# Ok... What is this? (Different auction...)



## noddaz (Aug 6, 1999)

http://auctions.yahoo.com/i:Aurora%20Interstate%20Chase%20Set.:5366483

Looks interesting...


----------



## JordanZ870 (Nov 25, 2004)

That is the first I have seen this set. (or ANY screeechers set)
I have always wondered where the cars came from. Kind of neat, eh?


----------



## krazcustoms (Nov 20, 2003)

I have seen them before, and they're kind of cool. It's basically a ready-to-race set that you don't have to assemble. They also made another one that was "Spider-Man vs. The Fly" which I believe was the same layout with different graphics and different cars. The cars didn't ONLY come in these sets; they were all available in blisterpacks also.


----------



## ParkRNDL (Mar 20, 2002)

i had that set as a kid. I remember very little about it. I think it was battery-operated, I know the cars had what looked like a two-piece G+ chassis with a steerable front wheel section, I know the bodies had elongated front wheel wells to compensate (I think I still have a very battered Cuda funny car), and I know I destroyed mine running Matchbox cars around it.

--rick


----------



## roadrner (Jul 21, 1999)

Did it really come with the cars on the box top print?
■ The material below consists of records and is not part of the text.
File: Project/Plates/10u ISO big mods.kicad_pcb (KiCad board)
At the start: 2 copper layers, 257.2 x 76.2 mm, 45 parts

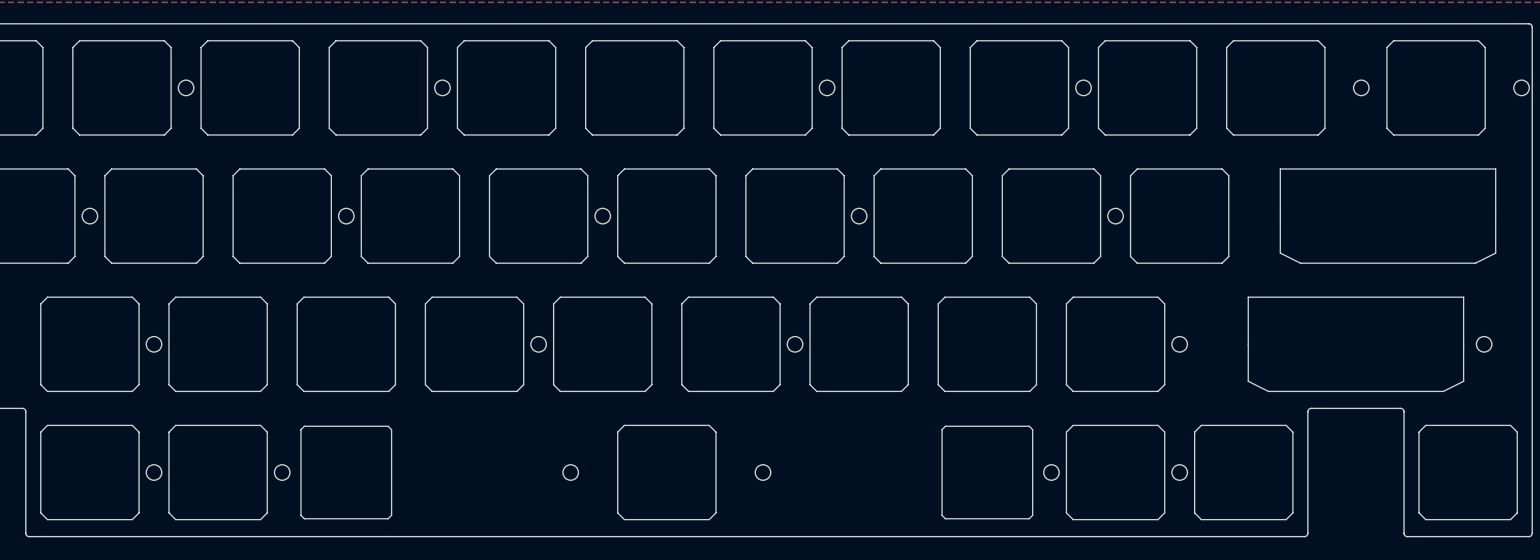
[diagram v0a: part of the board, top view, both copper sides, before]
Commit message: bottom row change, plate update, firmware update
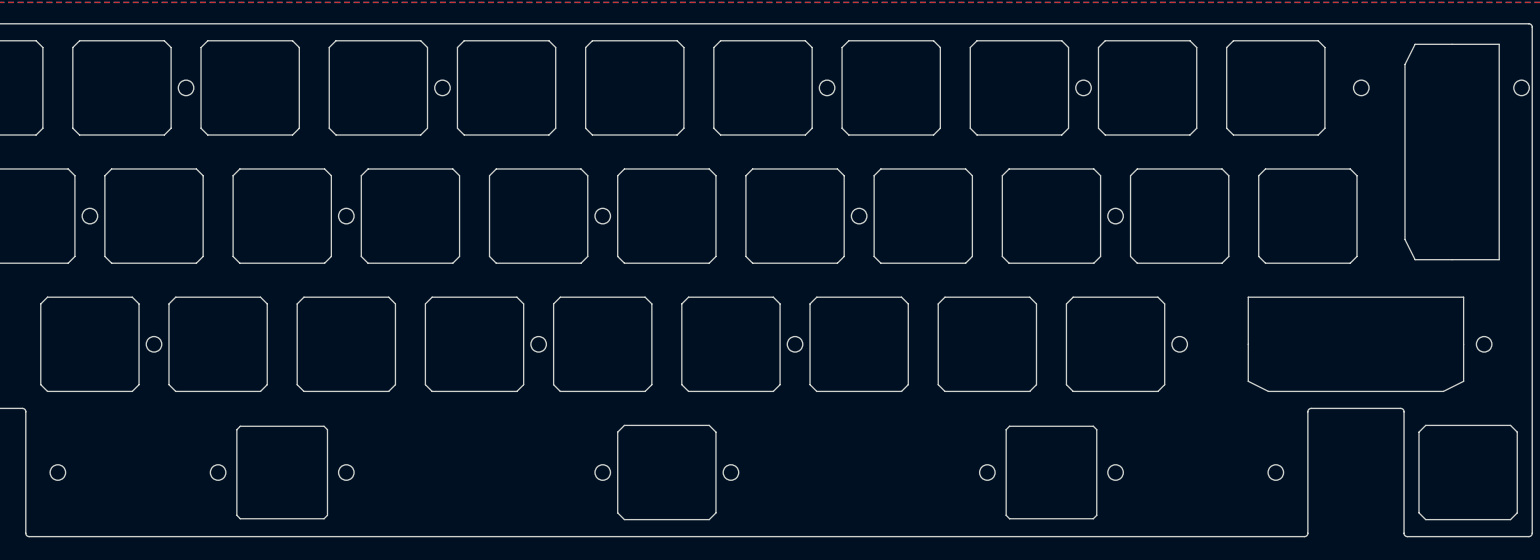
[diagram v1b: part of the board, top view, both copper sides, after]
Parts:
- removed the REF** at (260.4, 34.1)
- removed the REF** at (146.1, 91.3) (x2)
- removed the REF** at (79.4, 91.3)
- removed the REF** at (212.7, 91.3)
- removed the REF** at (60.3, 91.3)
- removed the REF** at (231.8, 91.3)
- added REF**: Value, cipulot_parts:ecs_7U_space_stab, F.Cu at (146.1, 91.3)
- added REF**: Value, cipulot_parts:ecs_plate_cut_1U, F.Cu at (241.3, 53.2)
- added REF**: Value, cipulot_parts:ecs_plate_cut_7U_space_stab, F.Cu at (146.1, 91.3)
- moved REF** 13.5 mm to (262.7, 43.7), turned to -90 degrees
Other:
- outline, holes or cut-outs redrawn
- board text added: "REF**"
- board text added: "SW_EC39"

That one looks like the 'Cuda dragster. Well, first time i've seen that as well. Enjoy winning bidder! rr


----------



## sethndaddy (Dec 4, 2004)

i'm pretty sure that set came with the white/flamed cuda.


----------



## jeffaary (Dec 11, 2004)

Late to the party, but....

That would be the Flaming Cuda. Very easy to find, even MOC, on Ebay or Mr Coney. There's two paint schemes, one with flames on the side and one without. 

The Cuda was also released as the Super Cuda (yellow-orange with silver stripes), and the Spideman Cuda (red/white/blue with spidery artwork).

There were four sets; Thrill Show, Interstate Chase, Drag City, & Spiderman Vs The Fly.


----------